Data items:
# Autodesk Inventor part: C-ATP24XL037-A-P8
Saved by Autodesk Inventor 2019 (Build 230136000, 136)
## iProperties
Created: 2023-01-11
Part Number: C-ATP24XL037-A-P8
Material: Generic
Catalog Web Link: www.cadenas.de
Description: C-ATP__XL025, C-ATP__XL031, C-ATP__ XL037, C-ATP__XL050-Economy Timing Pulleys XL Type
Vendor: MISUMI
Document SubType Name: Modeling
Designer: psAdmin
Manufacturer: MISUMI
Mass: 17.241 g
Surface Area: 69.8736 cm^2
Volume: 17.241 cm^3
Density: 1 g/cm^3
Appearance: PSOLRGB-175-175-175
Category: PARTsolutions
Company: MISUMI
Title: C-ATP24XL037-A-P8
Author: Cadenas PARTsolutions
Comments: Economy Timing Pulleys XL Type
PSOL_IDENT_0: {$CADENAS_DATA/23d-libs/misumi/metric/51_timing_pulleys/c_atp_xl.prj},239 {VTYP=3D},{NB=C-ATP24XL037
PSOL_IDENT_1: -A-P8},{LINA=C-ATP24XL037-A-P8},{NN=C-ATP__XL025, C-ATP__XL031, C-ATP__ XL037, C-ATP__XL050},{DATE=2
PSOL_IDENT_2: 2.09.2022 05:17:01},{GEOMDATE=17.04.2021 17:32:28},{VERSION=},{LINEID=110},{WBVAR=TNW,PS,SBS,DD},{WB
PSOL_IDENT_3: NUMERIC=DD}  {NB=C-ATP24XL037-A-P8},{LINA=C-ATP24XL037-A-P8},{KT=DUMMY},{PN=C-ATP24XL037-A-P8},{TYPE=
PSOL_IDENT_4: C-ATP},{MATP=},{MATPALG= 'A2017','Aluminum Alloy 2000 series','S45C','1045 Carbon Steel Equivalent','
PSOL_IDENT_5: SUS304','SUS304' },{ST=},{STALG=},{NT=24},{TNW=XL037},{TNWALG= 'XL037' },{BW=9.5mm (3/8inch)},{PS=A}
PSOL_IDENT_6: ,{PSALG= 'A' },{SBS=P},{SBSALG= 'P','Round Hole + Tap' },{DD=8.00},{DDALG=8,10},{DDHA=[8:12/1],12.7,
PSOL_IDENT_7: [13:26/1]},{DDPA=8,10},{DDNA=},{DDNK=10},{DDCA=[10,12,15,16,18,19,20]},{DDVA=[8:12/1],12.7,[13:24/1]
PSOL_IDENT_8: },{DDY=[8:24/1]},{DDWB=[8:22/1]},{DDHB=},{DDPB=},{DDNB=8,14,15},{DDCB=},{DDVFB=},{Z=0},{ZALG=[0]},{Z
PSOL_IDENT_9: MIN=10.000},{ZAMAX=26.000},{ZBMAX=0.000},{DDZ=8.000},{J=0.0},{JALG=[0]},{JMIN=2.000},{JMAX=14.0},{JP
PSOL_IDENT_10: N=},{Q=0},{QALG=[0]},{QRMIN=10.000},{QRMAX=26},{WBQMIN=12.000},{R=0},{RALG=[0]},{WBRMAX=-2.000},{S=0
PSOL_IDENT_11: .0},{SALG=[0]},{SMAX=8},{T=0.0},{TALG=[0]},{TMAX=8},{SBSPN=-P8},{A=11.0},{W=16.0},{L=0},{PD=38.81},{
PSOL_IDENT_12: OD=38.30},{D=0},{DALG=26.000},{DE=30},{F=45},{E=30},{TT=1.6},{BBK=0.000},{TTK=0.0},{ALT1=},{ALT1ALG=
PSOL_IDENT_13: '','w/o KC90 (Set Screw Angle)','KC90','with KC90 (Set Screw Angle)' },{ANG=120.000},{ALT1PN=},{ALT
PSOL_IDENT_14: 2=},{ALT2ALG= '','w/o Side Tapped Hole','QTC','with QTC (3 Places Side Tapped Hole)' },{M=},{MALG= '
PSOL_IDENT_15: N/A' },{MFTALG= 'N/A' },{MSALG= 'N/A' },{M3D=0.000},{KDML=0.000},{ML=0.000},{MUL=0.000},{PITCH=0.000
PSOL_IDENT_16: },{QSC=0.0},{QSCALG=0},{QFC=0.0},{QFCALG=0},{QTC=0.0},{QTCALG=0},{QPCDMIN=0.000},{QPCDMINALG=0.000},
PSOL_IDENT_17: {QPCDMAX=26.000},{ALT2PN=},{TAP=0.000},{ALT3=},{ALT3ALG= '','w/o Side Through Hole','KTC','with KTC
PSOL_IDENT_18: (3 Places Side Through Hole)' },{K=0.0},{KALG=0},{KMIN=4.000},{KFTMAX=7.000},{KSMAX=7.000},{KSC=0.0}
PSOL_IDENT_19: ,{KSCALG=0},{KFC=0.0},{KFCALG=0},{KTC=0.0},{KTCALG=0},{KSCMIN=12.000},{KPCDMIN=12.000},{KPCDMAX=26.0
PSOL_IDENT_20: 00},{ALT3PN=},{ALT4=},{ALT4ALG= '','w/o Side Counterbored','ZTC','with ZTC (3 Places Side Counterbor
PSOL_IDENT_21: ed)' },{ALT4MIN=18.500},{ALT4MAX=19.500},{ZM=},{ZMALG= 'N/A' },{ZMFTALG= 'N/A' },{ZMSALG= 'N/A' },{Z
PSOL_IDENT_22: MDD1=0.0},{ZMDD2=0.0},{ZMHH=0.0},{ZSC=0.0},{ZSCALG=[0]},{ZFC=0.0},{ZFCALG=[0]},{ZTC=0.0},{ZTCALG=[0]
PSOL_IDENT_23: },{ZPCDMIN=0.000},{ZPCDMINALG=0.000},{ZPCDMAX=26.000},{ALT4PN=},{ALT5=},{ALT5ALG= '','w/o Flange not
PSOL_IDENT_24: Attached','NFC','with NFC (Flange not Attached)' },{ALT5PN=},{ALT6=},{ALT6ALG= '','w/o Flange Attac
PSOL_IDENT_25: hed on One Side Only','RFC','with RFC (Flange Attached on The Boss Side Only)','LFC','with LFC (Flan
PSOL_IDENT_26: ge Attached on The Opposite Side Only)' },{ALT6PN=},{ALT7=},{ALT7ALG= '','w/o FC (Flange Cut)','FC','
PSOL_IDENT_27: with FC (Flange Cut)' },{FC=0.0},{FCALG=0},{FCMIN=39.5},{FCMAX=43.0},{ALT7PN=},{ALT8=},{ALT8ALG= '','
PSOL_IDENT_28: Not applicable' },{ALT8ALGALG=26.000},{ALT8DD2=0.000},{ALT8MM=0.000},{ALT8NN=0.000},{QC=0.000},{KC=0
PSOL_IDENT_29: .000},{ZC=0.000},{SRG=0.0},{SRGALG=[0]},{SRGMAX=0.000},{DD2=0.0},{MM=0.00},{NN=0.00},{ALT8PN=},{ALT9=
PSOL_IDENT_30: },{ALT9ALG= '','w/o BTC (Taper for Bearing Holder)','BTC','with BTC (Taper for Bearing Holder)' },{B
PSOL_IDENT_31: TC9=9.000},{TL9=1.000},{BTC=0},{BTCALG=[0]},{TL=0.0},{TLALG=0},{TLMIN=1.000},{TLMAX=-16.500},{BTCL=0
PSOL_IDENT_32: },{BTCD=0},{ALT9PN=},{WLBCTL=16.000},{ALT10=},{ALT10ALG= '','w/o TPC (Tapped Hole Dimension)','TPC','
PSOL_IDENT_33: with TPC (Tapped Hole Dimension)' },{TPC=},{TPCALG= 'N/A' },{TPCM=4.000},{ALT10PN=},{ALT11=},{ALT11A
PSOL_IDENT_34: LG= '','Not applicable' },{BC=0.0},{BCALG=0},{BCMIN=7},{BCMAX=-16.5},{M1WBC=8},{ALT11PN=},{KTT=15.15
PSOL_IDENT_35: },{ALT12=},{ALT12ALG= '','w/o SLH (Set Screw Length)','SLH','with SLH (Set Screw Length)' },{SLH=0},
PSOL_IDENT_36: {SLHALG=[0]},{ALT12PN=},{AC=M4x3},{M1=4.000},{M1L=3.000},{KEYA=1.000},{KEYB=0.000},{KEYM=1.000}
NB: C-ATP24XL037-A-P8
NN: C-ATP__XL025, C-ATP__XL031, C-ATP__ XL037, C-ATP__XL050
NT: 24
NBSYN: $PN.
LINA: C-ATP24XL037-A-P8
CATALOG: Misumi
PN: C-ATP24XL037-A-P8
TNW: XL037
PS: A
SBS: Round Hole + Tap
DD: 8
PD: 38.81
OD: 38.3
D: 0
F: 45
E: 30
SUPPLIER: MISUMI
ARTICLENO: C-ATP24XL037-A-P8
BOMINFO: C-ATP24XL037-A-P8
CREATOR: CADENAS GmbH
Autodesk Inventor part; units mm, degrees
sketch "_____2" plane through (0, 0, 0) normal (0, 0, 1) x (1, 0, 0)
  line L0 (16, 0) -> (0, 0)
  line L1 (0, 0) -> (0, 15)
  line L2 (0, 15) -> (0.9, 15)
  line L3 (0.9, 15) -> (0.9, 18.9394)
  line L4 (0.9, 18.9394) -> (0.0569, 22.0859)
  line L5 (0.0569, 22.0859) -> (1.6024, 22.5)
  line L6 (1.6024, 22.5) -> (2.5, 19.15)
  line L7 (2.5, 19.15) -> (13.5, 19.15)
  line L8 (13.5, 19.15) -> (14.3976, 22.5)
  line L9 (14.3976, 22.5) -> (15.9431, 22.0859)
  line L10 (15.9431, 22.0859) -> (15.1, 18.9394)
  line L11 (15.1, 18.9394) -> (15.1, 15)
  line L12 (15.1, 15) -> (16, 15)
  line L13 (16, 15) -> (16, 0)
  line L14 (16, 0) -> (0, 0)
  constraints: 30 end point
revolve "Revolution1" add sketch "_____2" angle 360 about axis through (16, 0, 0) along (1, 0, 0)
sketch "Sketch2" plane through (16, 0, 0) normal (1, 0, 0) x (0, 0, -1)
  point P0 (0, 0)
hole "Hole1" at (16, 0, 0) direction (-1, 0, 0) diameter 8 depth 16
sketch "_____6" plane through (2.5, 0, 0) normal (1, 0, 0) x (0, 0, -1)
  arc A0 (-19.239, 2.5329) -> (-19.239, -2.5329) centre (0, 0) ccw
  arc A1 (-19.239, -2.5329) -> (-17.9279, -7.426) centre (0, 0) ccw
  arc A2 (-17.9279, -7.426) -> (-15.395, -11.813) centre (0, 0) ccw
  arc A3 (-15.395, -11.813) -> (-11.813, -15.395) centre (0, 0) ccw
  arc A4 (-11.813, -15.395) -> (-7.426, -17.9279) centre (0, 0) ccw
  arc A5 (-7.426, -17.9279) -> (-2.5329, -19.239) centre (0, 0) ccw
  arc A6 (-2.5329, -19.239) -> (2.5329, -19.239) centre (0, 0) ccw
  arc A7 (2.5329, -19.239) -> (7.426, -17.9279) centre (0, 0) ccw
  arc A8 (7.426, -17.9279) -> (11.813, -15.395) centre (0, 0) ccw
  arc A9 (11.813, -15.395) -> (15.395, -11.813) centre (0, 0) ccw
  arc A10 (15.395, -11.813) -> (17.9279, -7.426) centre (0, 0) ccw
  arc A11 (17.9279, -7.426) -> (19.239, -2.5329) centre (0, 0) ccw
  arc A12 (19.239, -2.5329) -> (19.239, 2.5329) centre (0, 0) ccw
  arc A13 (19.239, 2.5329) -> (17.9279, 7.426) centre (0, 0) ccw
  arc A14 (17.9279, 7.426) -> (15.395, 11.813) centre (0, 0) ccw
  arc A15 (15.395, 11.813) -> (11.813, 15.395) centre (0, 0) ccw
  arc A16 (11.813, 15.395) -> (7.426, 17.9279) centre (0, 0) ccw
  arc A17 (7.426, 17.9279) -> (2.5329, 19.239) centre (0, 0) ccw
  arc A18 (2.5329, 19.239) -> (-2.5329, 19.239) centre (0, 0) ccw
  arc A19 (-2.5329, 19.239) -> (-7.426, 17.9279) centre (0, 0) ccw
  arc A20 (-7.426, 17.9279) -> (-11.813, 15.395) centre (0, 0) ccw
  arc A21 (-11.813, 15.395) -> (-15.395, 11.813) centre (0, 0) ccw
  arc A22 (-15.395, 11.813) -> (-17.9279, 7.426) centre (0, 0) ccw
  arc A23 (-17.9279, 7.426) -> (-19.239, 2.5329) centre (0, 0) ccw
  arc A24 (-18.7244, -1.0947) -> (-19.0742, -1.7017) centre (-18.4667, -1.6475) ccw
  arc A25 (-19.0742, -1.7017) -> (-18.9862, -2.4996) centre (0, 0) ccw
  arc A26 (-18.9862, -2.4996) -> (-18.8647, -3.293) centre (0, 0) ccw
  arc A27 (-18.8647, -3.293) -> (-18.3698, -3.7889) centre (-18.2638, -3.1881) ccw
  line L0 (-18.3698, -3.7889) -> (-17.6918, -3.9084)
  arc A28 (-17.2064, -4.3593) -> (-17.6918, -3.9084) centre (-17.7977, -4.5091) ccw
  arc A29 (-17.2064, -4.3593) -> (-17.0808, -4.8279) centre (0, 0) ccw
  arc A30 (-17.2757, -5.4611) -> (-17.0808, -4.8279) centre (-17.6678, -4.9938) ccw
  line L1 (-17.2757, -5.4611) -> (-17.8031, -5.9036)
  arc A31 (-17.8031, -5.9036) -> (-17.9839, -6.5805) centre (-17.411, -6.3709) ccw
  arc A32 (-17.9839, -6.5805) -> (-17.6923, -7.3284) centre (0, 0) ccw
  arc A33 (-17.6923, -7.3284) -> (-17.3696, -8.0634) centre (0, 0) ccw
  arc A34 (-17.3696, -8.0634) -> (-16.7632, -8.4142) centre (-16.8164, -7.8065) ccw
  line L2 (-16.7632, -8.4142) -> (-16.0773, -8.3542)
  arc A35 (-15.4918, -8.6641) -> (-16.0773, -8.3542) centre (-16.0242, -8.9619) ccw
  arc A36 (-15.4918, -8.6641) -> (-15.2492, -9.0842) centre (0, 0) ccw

(What the exercise asks):
Each line of the data that includes "Screw" should be copied.

(Response to this task):
PSOL_IDENT_13: '','w/o KC90 (Set Screw Angle)','KC90','with KC90 (Set Screw Angle)' },{ANG=120.000},{ALT1PN=},{ALT
PSOL_IDENT_35: },{ALT12=},{ALT12ALG= '','w/o SLH (Set Screw Length)','SLH','with SLH (Set Screw Length)' },{SLH=0},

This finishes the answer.